# Data to examine
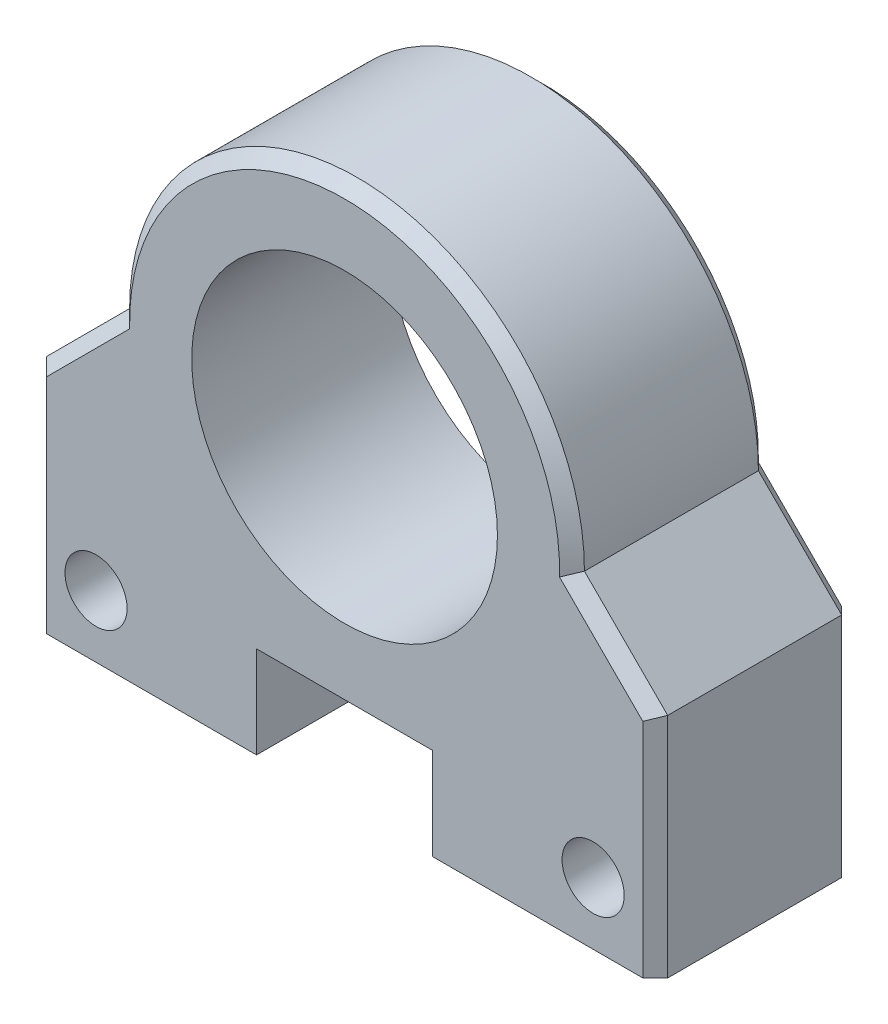
ISO-10303-21;
HEADER;
FILE_DESCRIPTION(('STEP AP214'),'2;1');
FILE_NAME('part.step','',(''),(''),'','','');
FILE_SCHEMA(('AUTOMOTIVE_DESIGN { 1 0 10303 214 1 1 1 1 }'));
ENDSEC;
DATA;
#1=APPLICATION_CONTEXT('core data for automotive mechanical design processes');
#2=APPLICATION_PROTOCOL_DEFINITION('international standard','automotive_design',2000,#1);
#3=PRODUCT_CONTEXT('',#1,'mechanical');
#4=PRODUCT('Part','Part','',(#3));
#5=PRODUCT_RELATED_PRODUCT_CATEGORY('part','',(#4));
#6=PRODUCT_DEFINITION_FORMATION('','',#4);
#7=PRODUCT_DEFINITION_CONTEXT('part definition',#1,'design');
#8=PRODUCT_DEFINITION('design','',#6,#7);
#9=PRODUCT_DEFINITION_SHAPE('','',#8);
#10=(LENGTH_UNIT() NAMED_UNIT(*) SI_UNIT(.MILLI.,.METRE.));
#11=(NAMED_UNIT(*) PLANE_ANGLE_UNIT() SI_UNIT($,.RADIAN.));
#12=(NAMED_UNIT(*) SI_UNIT($,.STERADIAN.) SOLID_ANGLE_UNIT());
#13=UNCERTAINTY_MEASURE_WITH_UNIT(LENGTH_MEASURE(1.E-05),#10,'distance_accuracy_value','');
#14=(GEOMETRIC_REPRESENTATION_CONTEXT(3) GLOBAL_UNCERTAINTY_ASSIGNED_CONTEXT((#13)) GLOBAL_UNIT_ASSIGNED_CONTEXT((#10,
#11,#12)) REPRESENTATION_CONTEXT('',''));
#15=CARTESIAN_POINT('',(0.,0.,0.));
#16=DIRECTION('',(0.,0.,1.));
#17=DIRECTION('',(1.,0.,0.));
#18=AXIS2_PLACEMENT_3D('',#15,#16,#17);
#19=CARTESIAN_POINT('',(0.,15.875,10.16));
#20=DIRECTION('',(0.,0.,-1.));
#21=DIRECTION('',(-1.,0.,0.));
#22=AXIS2_PLACEMENT_3D('',#19,#20,#21);
#23=PLANE('',#22);
#24=CARTESIAN_POINT('',(12.7,3.175,10.16));
#25=DIRECTION('',(0.,0.,1.));
#26=DIRECTION('',(-1.,0.,0.));
#27=AXIS2_PLACEMENT_3D('',#24,#25,#26);
#28=CIRCLE('',#27,1.5875);
#29=CARTESIAN_POINT('',(11.1125,3.175,10.16));
#30=VERTEX_POINT('',#29);
#31=EDGE_CURVE('E405',#30,#30,#28,.T.);
#32=ORIENTED_EDGE('',*,*,#31,.F.);
#33=EDGE_LOOP('',(#32));
#34=FACE_BOUND('',#33,.T.);
#35=CARTESIAN_POINT('',(-12.7,3.175,10.16));
#36=DIRECTION('',(0.,0.,1.));
#37=DIRECTION('',(1.,0.,0.));
#38=AXIS2_PLACEMENT_3D('',#35,#36,#37);
#39=CIRCLE('',#38,1.5875);
#40=CARTESIAN_POINT('',(-11.1125,3.175,10.16));
#41=VERTEX_POINT('',#40);
#42=EDGE_CURVE('E398',#41,#41,#39,.T.);
#43=ORIENTED_EDGE('',*,*,#42,.F.);
#44=EDGE_LOOP('',(#43));
#45=FACE_BOUND('',#44,.T.);
#46=DIRECTION('',(1.,0.,0.));
#47=VECTOR('',#46,1.);
#48=CARTESIAN_POINT('',(4.5,0.,10.16));
#49=LINE('',#48,#47);
#50=CARTESIAN_POINT('',(4.5,0.,10.16));
#51=VERTEX_POINT('',#50);
#52=CARTESIAN_POINT('',(15.24,0.,10.16));
#53=VERTEX_POINT('',#52);
#54=EDGE_CURVE('E389',#51,#53,#49,.T.);
#55=ORIENTED_EDGE('',*,*,#54,.T.);
#56=DIRECTION('',(0.,1.,0.));
#57=VECTOR('',#56,1.);
#58=CARTESIAN_POINT('',(15.24,15.875,10.16));
#59=LINE('',#58,#57);
#60=CARTESIAN_POINT('',(15.24,11.3574743878931,10.16));
#61=VERTEX_POINT('',#60);
#62=EDGE_CURVE('E11',#53,#61,#59,.T.);
#63=ORIENTED_EDGE('',*,*,#62,.T.);
#64=DIRECTION('',(-0.707106781186549,0.707106781186546,0.));
#65=VECTOR('',#64,1.);
#66=CARTESIAN_POINT('',(5.36123719394652,21.2362371939465,10.16));
#67=LINE('',#66,#65);
#68=CARTESIAN_POINT('',(10.9824239792477,15.6150504086454,10.16));
#69=VERTEX_POINT('',#68);
#70=EDGE_CURVE('E41',#61,#69,#67,.T.);
#71=ORIENTED_EDGE('',*,*,#70,.T.);
#72=CARTESIAN_POINT('',(0.,15.875,10.16));
#73=DIRECTION('',(0.,0.,-1.));
#74=DIRECTION('',(-1.,0.,0.));
#75=AXIS2_PLACEMENT_3D('',#72,#73,#74);
#76=CIRCLE('',#75,10.9855);
#77=CARTESIAN_POINT('',(-10.9824239792477,15.6150504086454,10.16));
#78=VERTEX_POINT('',#77);
#79=EDGE_CURVE('E218',#69,#78,#76,.F.);
#80=ORIENTED_EDGE('',*,*,#79,.T.);
#81=DIRECTION('',(-0.707106781186549,-0.707106781186546,0.));
#82=VECTOR('',#81,1.);
#83=CARTESIAN_POINT('',(-5.36123719394652,21.2362371939465,10.16));
#84=LINE('',#83,#82);
#85=CARTESIAN_POINT('',(-15.24,11.3574743878931,10.16));
#86=VERTEX_POINT('',#85);
#87=EDGE_CURVE('E57',#78,#86,#84,.T.);
#88=ORIENTED_EDGE('',*,*,#87,.T.);
#89=DIRECTION('',(0.,-1.,0.));
#90=VECTOR('',#89,1.);
#91=CARTESIAN_POINT('',(-15.24,15.875,10.16));
#92=LINE('',#91,#90);
#93=CARTESIAN_POINT('',(-15.24,0.,10.16));
#94=VERTEX_POINT('',#93);
#95=EDGE_CURVE('E221',#86,#94,#92,.T.);
#96=ORIENTED_EDGE('',*,*,#95,.T.);
#97=DIRECTION('',(1.,0.,0.));
#98=VECTOR('',#97,1.);
#99=CARTESIAN_POINT('',(-4.5,0.,10.16));
#100=LINE('',#99,#98);
#101=CARTESIAN_POINT('',(-4.5,0.,10.16));
#102=VERTEX_POINT('',#101);
#103=EDGE_CURVE('E165',#94,#102,#100,.T.);
#104=ORIENTED_EDGE('',*,*,#103,.T.);
#105=DIRECTION('',(0.,1.,0.));
#106=VECTOR('',#105,1.);
#107=CARTESIAN_POINT('',(-4.5,4.699,10.16));
#108=LINE('',#107,#106);
#109=CARTESIAN_POINT('',(-4.5,4.699,10.16));
#110=VERTEX_POINT('',#109);
#111=EDGE_CURVE('E159',#102,#110,#108,.T.);
#112=ORIENTED_EDGE('',*,*,#111,.T.);
#113=DIRECTION('',(1.,0.,0.));
#114=VECTOR('',#113,1.);
#115=CARTESIAN_POINT('',(4.5,4.699,10.16));
#116=LINE('',#115,#114);
#117=CARTESIAN_POINT('',(4.5,4.699,10.16));
#118=VERTEX_POINT('',#117);
#119=EDGE_CURVE('E149',#110,#118,#116,.T.);
#120=ORIENTED_EDGE('',*,*,#119,.T.);
#121=DIRECTION('',(0.,-1.,0.));
#122=VECTOR('',#121,1.);
#123=CARTESIAN_POINT('',(4.5,4.699,10.16));
#124=LINE('',#123,#122);
#125=EDGE_CURVE('E158',#118,#51,#124,.T.);
#126=ORIENTED_EDGE('',*,*,#125,.T.);
#127=EDGE_LOOP('',(#55,#63,#71,#80,#88,#96,#104,#112,#120,#126));
#128=FACE_BOUND('',#127,.T.);
#129=CARTESIAN_POINT('',(0.,15.875,10.16));
#130=DIRECTION('',(0.,0.,1.));
#131=DIRECTION('',(1.,0.,0.));
#132=AXIS2_PLACEMENT_3D('',#129,#130,#131);
#133=CIRCLE('',#132,7.8105);
#134=CARTESIAN_POINT('',(7.8105,15.875,10.16));
#135=VERTEX_POINT('',#134);
#136=EDGE_CURVE('E387',#135,#135,#133,.T.);
#137=ORIENTED_EDGE('',*,*,#136,.F.);
#138=EDGE_LOOP('',(#137));
#139=FACE_BOUND('',#138,.T.);
#140=ADVANCED_FACE('F32',(#34,#45,#128,#139),#23,.F.);
#141=CARTESIAN_POINT('',(0.,15.875,0.));
#142=DIRECTION('',(0.,0.,-1.));
#143=DIRECTION('',(-1.,0.,0.));
#144=AXIS2_PLACEMENT_3D('',#141,#142,#143);
#145=PLANE('',#144);
#146=CARTESIAN_POINT('',(12.7,3.175,0.));
#147=DIRECTION('',(0.,0.,1.));
#148=DIRECTION('',(-1.,0.,0.));
#149=AXIS2_PLACEMENT_3D('',#146,#147,#148);
#150=CIRCLE('',#149,1.5875);
#151=CARTESIAN_POINT('',(11.1125,3.175,0.));
#152=VERTEX_POINT('',#151);
#153=EDGE_CURVE('E402',#152,#152,#150,.T.);
#154=ORIENTED_EDGE('',*,*,#153,.T.);
#155=EDGE_LOOP('',(#154));
#156=FACE_BOUND('',#155,.T.);
#157=CARTESIAN_POINT('',(-12.7,3.175,0.));
#158=DIRECTION('',(0.,0.,1.));
#159=DIRECTION('',(1.,0.,0.));
#160=AXIS2_PLACEMENT_3D('',#157,#158,#159);
#161=CIRCLE('',#160,1.5875);
#162=CARTESIAN_POINT('',(-11.1125,3.175,0.));
#163=VERTEX_POINT('',#162);
#164=EDGE_CURVE('E401',#163,#163,#161,.T.);
#165=ORIENTED_EDGE('',*,*,#164,.T.);
#166=EDGE_LOOP('',(#165));
#167=FACE_BOUND('',#166,.T.);
#168=DIRECTION('',(0.707106781186549,-0.707106781186546,0.));
#169=VECTOR('',#168,1.);
#170=CARTESIAN_POINT('',(15.4259871939465,11.1714871939466,0.));
#171=LINE('',#170,#169);
#172=CARTESIAN_POINT('',(10.9824239792477,15.6150504086454,0.));
#173=VERTEX_POINT('',#172);
#174=CARTESIAN_POINT('',(15.24,11.3574743878931,0.));
#175=VERTEX_POINT('',#174);
#176=EDGE_CURVE('E190',#173,#175,#171,.T.);
#177=ORIENTED_EDGE('',*,*,#176,.T.);
#178=DIRECTION('',(0.,-1.,0.));
#179=VECTOR('',#178,1.);
#180=CARTESIAN_POINT('',(15.24,0.,0.));
#181=LINE('',#180,#179);
#182=CARTESIAN_POINT('',(15.24,0.,0.));
#183=VERTEX_POINT('',#182);
#184=EDGE_CURVE('E192',#175,#183,#181,.T.);
#185=ORIENTED_EDGE('',*,*,#184,.T.);
#186=DIRECTION('',(1.,0.,0.));
#187=VECTOR('',#186,1.);
#188=CARTESIAN_POINT('',(4.5,0.,0.));
#189=LINE('',#188,#187);
#190=CARTESIAN_POINT('',(4.5,0.,0.));
#191=VERTEX_POINT('',#190);
#192=EDGE_CURVE('E359',#191,#183,#189,.T.);
#193=ORIENTED_EDGE('',*,*,#192,.F.);
#194=DIRECTION('',(0.,-1.,0.));
#195=VECTOR('',#194,1.);
#196=CARTESIAN_POINT('',(4.5,4.699,0.));
#197=LINE('',#196,#195);
#198=CARTESIAN_POINT('',(4.5,4.699,0.));
#199=VERTEX_POINT('',#198);
#200=EDGE_CURVE('E382',#199,#191,#197,.T.);
#201=ORIENTED_EDGE('',*,*,#200,.F.);
#202=DIRECTION('',(1.,0.,0.));
#203=VECTOR('',#202,1.);
#204=CARTESIAN_POINT('',(4.5,4.699,0.));
#205=LINE('',#204,#203);
#206=CARTESIAN_POINT('',(-4.5,4.699,0.));
#207=VERTEX_POINT('',#206);
#208=EDGE_CURVE('E384',#207,#199,#205,.T.);
#209=ORIENTED_EDGE('',*,*,#208,.F.);
#210=DIRECTION('',(0.,1.,0.));
#211=VECTOR('',#210,1.);
#212=CARTESIAN_POINT('',(-4.5,4.699,0.));
#213=LINE('',#212,#211);
#214=CARTESIAN_POINT('',(-4.5,0.,0.));
#215=VERTEX_POINT('',#214);
#216=EDGE_CURVE('E173',#215,#207,#213,.T.);
#217=ORIENTED_EDGE('',*,*,#216,.F.);
#218=DIRECTION('',(1.,0.,0.));
#219=VECTOR('',#218,1.);
#220=CARTESIAN_POINT('',(-4.5,0.,0.));
#221=LINE('',#220,#219);
#222=CARTESIAN_POINT('',(-15.24,0.,0.));
#223=VERTEX_POINT('',#222);
#224=EDGE_CURVE('E169',#223,#215,#221,.T.);
#225=ORIENTED_EDGE('',*,*,#224,.F.);
#226=DIRECTION('',(0.,1.,0.));
#227=VECTOR('',#226,1.);
#228=CARTESIAN_POINT('',(-15.24,11.6205,0.));
#229=LINE('',#228,#227);
#230=CARTESIAN_POINT('',(-15.24,11.3574743878931,0.));
#231=VERTEX_POINT('',#230);
#232=EDGE_CURVE('E188',#223,#231,#229,.T.);
#233=ORIENTED_EDGE('',*,*,#232,.T.);
#234=DIRECTION('',(0.707106781186549,0.707106781186546,0.));
#235=VECTOR('',#234,1.);
#236=CARTESIAN_POINT('',(-11.1714871939465,15.4259871939465,0.));
#237=LINE('',#236,#235);
#238=CARTESIAN_POINT('',(-10.9824239792477,15.6150504086454,0.));
#239=VERTEX_POINT('',#238);
#240=EDGE_CURVE('E186',#231,#239,#237,.T.);
#241=ORIENTED_EDGE('',*,*,#240,.T.);
#242=CARTESIAN_POINT('',(0.,15.875,0.));
#243=DIRECTION('',(0.,0.,-1.));
#244=DIRECTION('',(-1.,0.,0.));
#245=AXIS2_PLACEMENT_3D('',#242,#243,#244);
#246=CIRCLE('',#245,10.9855);
#247=EDGE_CURVE('E184',#239,#173,#246,.T.);
#248=ORIENTED_EDGE('',*,*,#247,.T.);
#249=EDGE_LOOP('',(#177,#185,#193,#201,#209,#217,#225,#233,#241,#248));
#250=FACE_BOUND('',#249,.T.);
#251=CARTESIAN_POINT('',(0.,15.875,0.));
#252=DIRECTION('',(0.,0.,1.));
#253=DIRECTION('',(1.,0.,0.));
#254=AXIS2_PLACEMENT_3D('',#251,#252,#253);
#255=CIRCLE('',#254,7.8105);
#256=CARTESIAN_POINT('',(7.8105,15.875,0.));
#257=VERTEX_POINT('',#256);
#258=EDGE_CURVE('E392',#257,#257,#255,.T.);
#259=ORIENTED_EDGE('',*,*,#258,.T.);
#260=EDGE_LOOP('',(#259));
#261=FACE_BOUND('',#260,.T.);
#262=ADVANCED_FACE('F294',(#156,#167,#250,#261),#145,.T.);
#263=CARTESIAN_POINT('',(-4.5,4.699,10.16));
#264=DIRECTION('',(-1.,0.,0.));
#265=DIRECTION('',(0.,0.,1.));
#266=AXIS2_PLACEMENT_3D('',#263,#264,#265);
#267=PLANE('',#266);
#268=ORIENTED_EDGE('',*,*,#216,.T.);
#269=DIRECTION('',(0.,0.,-1.));
#270=VECTOR('',#269,1.);
#271=CARTESIAN_POINT('',(-4.5,4.699,10.16));
#272=LINE('',#271,#270);
#273=EDGE_CURVE('E153',#110,#207,#272,.T.);
#274=ORIENTED_EDGE('',*,*,#273,.F.);
#275=ORIENTED_EDGE('',*,*,#111,.F.);
#276=DIRECTION('',(0.,0.,-1.));
#277=VECTOR('',#276,1.);
#278=CARTESIAN_POINT('',(-4.5,0.,10.16));
#279=LINE('',#278,#277);
#280=EDGE_CURVE('E378',#102,#215,#279,.T.);
#281=ORIENTED_EDGE('',*,*,#280,.T.);
#282=EDGE_LOOP('',(#268,#274,#275,#281));
#283=FACE_BOUND('',#282,.T.);
#284=ADVANCED_FACE('F171',(#283),#267,.F.);
#285=CARTESIAN_POINT('',(4.5,4.699,10.16));
#286=DIRECTION('',(0.,1.,0.));
#287=DIRECTION('',(0.,0.,1.));
#288=AXIS2_PLACEMENT_3D('',#285,#286,#287);
#289=PLANE('',#288);
#290=ORIENTED_EDGE('',*,*,#208,.T.);
#291=DIRECTION('',(0.,0.,-1.));
#292=VECTOR('',#291,1.);
#293=CARTESIAN_POINT('',(4.5,4.699,10.16));
#294=LINE('',#293,#292);
#295=EDGE_CURVE('E156',#118,#199,#294,.T.);
#296=ORIENTED_EDGE('',*,*,#295,.F.);
#297=ORIENTED_EDGE('',*,*,#119,.F.);
#298=ORIENTED_EDGE('',*,*,#273,.T.);
#299=EDGE_LOOP('',(#290,#296,#297,#298));
#300=FACE_BOUND('',#299,.T.);
#301=ADVANCED_FACE('F151',(#300),#289,.F.);
#302=CARTESIAN_POINT('',(4.5,4.699,10.16));
#303=DIRECTION('',(1.,0.,0.));
#304=DIRECTION('',(0.,0.,-1.));
#305=AXIS2_PLACEMENT_3D('',#302,#303,#304);
#306=PLANE('',#305);
#307=ORIENTED_EDGE('',*,*,#200,.T.);
#308=DIRECTION('',(0.,0.,-1.));
#309=VECTOR('',#308,1.);
#310=CARTESIAN_POINT('',(4.5,0.,10.16));
#311=LINE('',#310,#309);
#312=EDGE_CURVE('E178',#51,#191,#311,.T.);
#313=ORIENTED_EDGE('',*,*,#312,.F.);
#314=ORIENTED_EDGE('',*,*,#125,.F.);
#315=ORIENTED_EDGE('',*,*,#295,.T.);
#316=EDGE_LOOP('',(#307,#313,#314,#315));
#317=FACE_BOUND('',#316,.T.);
#318=ADVANCED_FACE('F334',(#317),#306,.F.);
#319=CARTESIAN_POINT('',(4.5,0.,10.16));
#320=DIRECTION('',(0.,1.,0.));
#321=DIRECTION('',(-1.,0.,0.));
#322=AXIS2_PLACEMENT_3D('',#319,#320,#321);
#323=PLANE('',#322);
#324=ORIENTED_EDGE('',*,*,#192,.T.);
#325=DIRECTION('',(0.707106781186551,0.,0.707106781186544));
#326=VECTOR('',#325,1.);
#327=CARTESIAN_POINT('',(15.875,0.,0.634999999999997));
#328=LINE('',#327,#326);
#329=CARTESIAN_POINT('',(15.875,0.,0.634999999999998));
#330=VERTEX_POINT('',#329);
#331=EDGE_CURVE('E196',#183,#330,#328,.T.);
#332=ORIENTED_EDGE('',*,*,#331,.T.);
#333=DIRECTION('',(0.,0.,-1.));
#334=VECTOR('',#333,1.);
#335=CARTESIAN_POINT('',(15.875,0.,10.16));
#336=LINE('',#335,#334);
#337=CARTESIAN_POINT('',(15.875,0.,9.525));
#338=VERTEX_POINT('',#337);
#339=EDGE_CURVE('E355',#338,#330,#336,.T.);
#340=ORIENTED_EDGE('',*,*,#339,.F.);
#341=DIRECTION('',(0.707106781186548,0.,-0.707106781186548));
#342=VECTOR('',#341,1.);
#343=CARTESIAN_POINT('',(15.24,0.,10.16));
#344=LINE('',#343,#342);
#345=EDGE_CURVE('E194',#338,#53,#344,.F.);
#346=ORIENTED_EDGE('',*,*,#345,.T.);
#347=ORIENTED_EDGE('',*,*,#54,.F.);
#348=ORIENTED_EDGE('',*,*,#312,.T.);
#349=EDGE_LOOP('',(#324,#332,#340,#346,#347,#348));
#350=FACE_BOUND('',#349,.T.);
#351=ADVANCED_FACE('F330',(#350),#323,.F.);
#352=CARTESIAN_POINT('',(15.875,0.,10.16));
#353=DIRECTION('',(-1.,0.,0.));
#354=DIRECTION('',(0.,0.,1.));
#355=AXIS2_PLACEMENT_3D('',#352,#353,#354);
#356=PLANE('',#355);
#357=ORIENTED_EDGE('',*,*,#339,.T.);
#358=DIRECTION('',(0.,1.,0.));
#359=VECTOR('',#358,1.);
#360=CARTESIAN_POINT('',(15.875,11.6205,0.634999999999997));
#361=LINE('',#360,#359);
#362=CARTESIAN_POINT('',(15.875,11.6205,0.634999999999997));
#363=VERTEX_POINT('',#362);
#364=EDGE_CURVE('E176',#330,#363,#361,.T.);
#365=ORIENTED_EDGE('',*,*,#364,.T.);
#366=DIRECTION('',(0.,0.,-1.));
#367=VECTOR('',#366,1.);
#368=CARTESIAN_POINT('',(15.875,11.6205,10.16));
#369=LINE('',#368,#367);
#370=CARTESIAN_POINT('',(15.875,11.6205,9.525));
#371=VERTEX_POINT('',#370);
#372=EDGE_CURVE('E362',#371,#363,#369,.T.);
#373=ORIENTED_EDGE('',*,*,#372,.F.);
#374=DIRECTION('',(0.,-1.,0.));
#375=VECTOR('',#374,1.);
#376=CARTESIAN_POINT('',(15.875,0.,9.525));
#377=LINE('',#376,#375);
#378=EDGE_CURVE('E174',#371,#338,#377,.T.);
#379=ORIENTED_EDGE('',*,*,#378,.T.);
#380=EDGE_LOOP('',(#357,#365,#373,#379));
#381=FACE_BOUND('',#380,.T.);
#382=ADVANCED_FACE('F326',(#381),#356,.F.);
#383=CARTESIAN_POINT('',(15.875,11.6205,10.16));
#384=DIRECTION('',(-0.707106781186546,-0.707106781186549,0.));
#385=DIRECTION('',(0.707106781186549,-0.707106781186546,0.));
#386=AXIS2_PLACEMENT_3D('',#383,#384,#385);
#387=PLANE('',#386);
#388=ORIENTED_EDGE('',*,*,#372,.T.);
#389=DIRECTION('',(-0.707106781186549,0.707106781186546,0.));
#390=VECTOR('',#389,1.);
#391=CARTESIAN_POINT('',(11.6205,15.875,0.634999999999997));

# Exercise directions
When you reach the line containing "#226=DIRECTION('',(0.,1.,0.));" in the data above, start copying exactly, and stop after the line containing "#251=CARTESIAN_POINT('',(0.,15.875,0.));".

# Result of this exercise
#226=DIRECTION('',(0.,1.,0.));
#227=VECTOR('',#226,1.);
#228=CARTESIAN_POINT('',(-15.24,11.6205,0.));
#229=LINE('',#228,#227);
#230=CARTESIAN_POINT('',(-15.24,11.3574743878931,0.));
#231=VERTEX_POINT('',#230);
#232=EDGE_CURVE('E188',#223,#231,#229,.T.);
#233=ORIENTED_EDGE('',*,*,#232,.T.);
#234=DIRECTION('',(0.707106781186549,0.707106781186546,0.));
#235=VECTOR('',#234,1.);
#236=CARTESIAN_POINT('',(-11.1714871939465,15.4259871939465,0.));
#237=LINE('',#236,#235);
#238=CARTESIAN_POINT('',(-10.9824239792477,15.6150504086454,0.));
#239=VERTEX_POINT('',#238);
#240=EDGE_CURVE('E186',#231,#239,#237,.T.);
#241=ORIENTED_EDGE('',*,*,#240,.T.);
#242=CARTESIAN_POINT('',(0.,15.875,0.));
#243=DIRECTION('',(0.,0.,-1.));
#244=DIRECTION('',(-1.,0.,0.));
#245=AXIS2_PLACEMENT_3D('',#242,#243,#244);
#246=CIRCLE('',#245,10.9855);
#247=EDGE_CURVE('E184',#239,#173,#246,.T.);
#248=ORIENTED_EDGE('',*,*,#247,.T.);
#249=EDGE_LOOP('',(#177,#185,#193,#201,#209,#217,#225,#233,#241,#248));
#250=FACE_BOUND('',#249,.T.);
#251=CARTESIAN_POINT('',(0.,15.875,0.));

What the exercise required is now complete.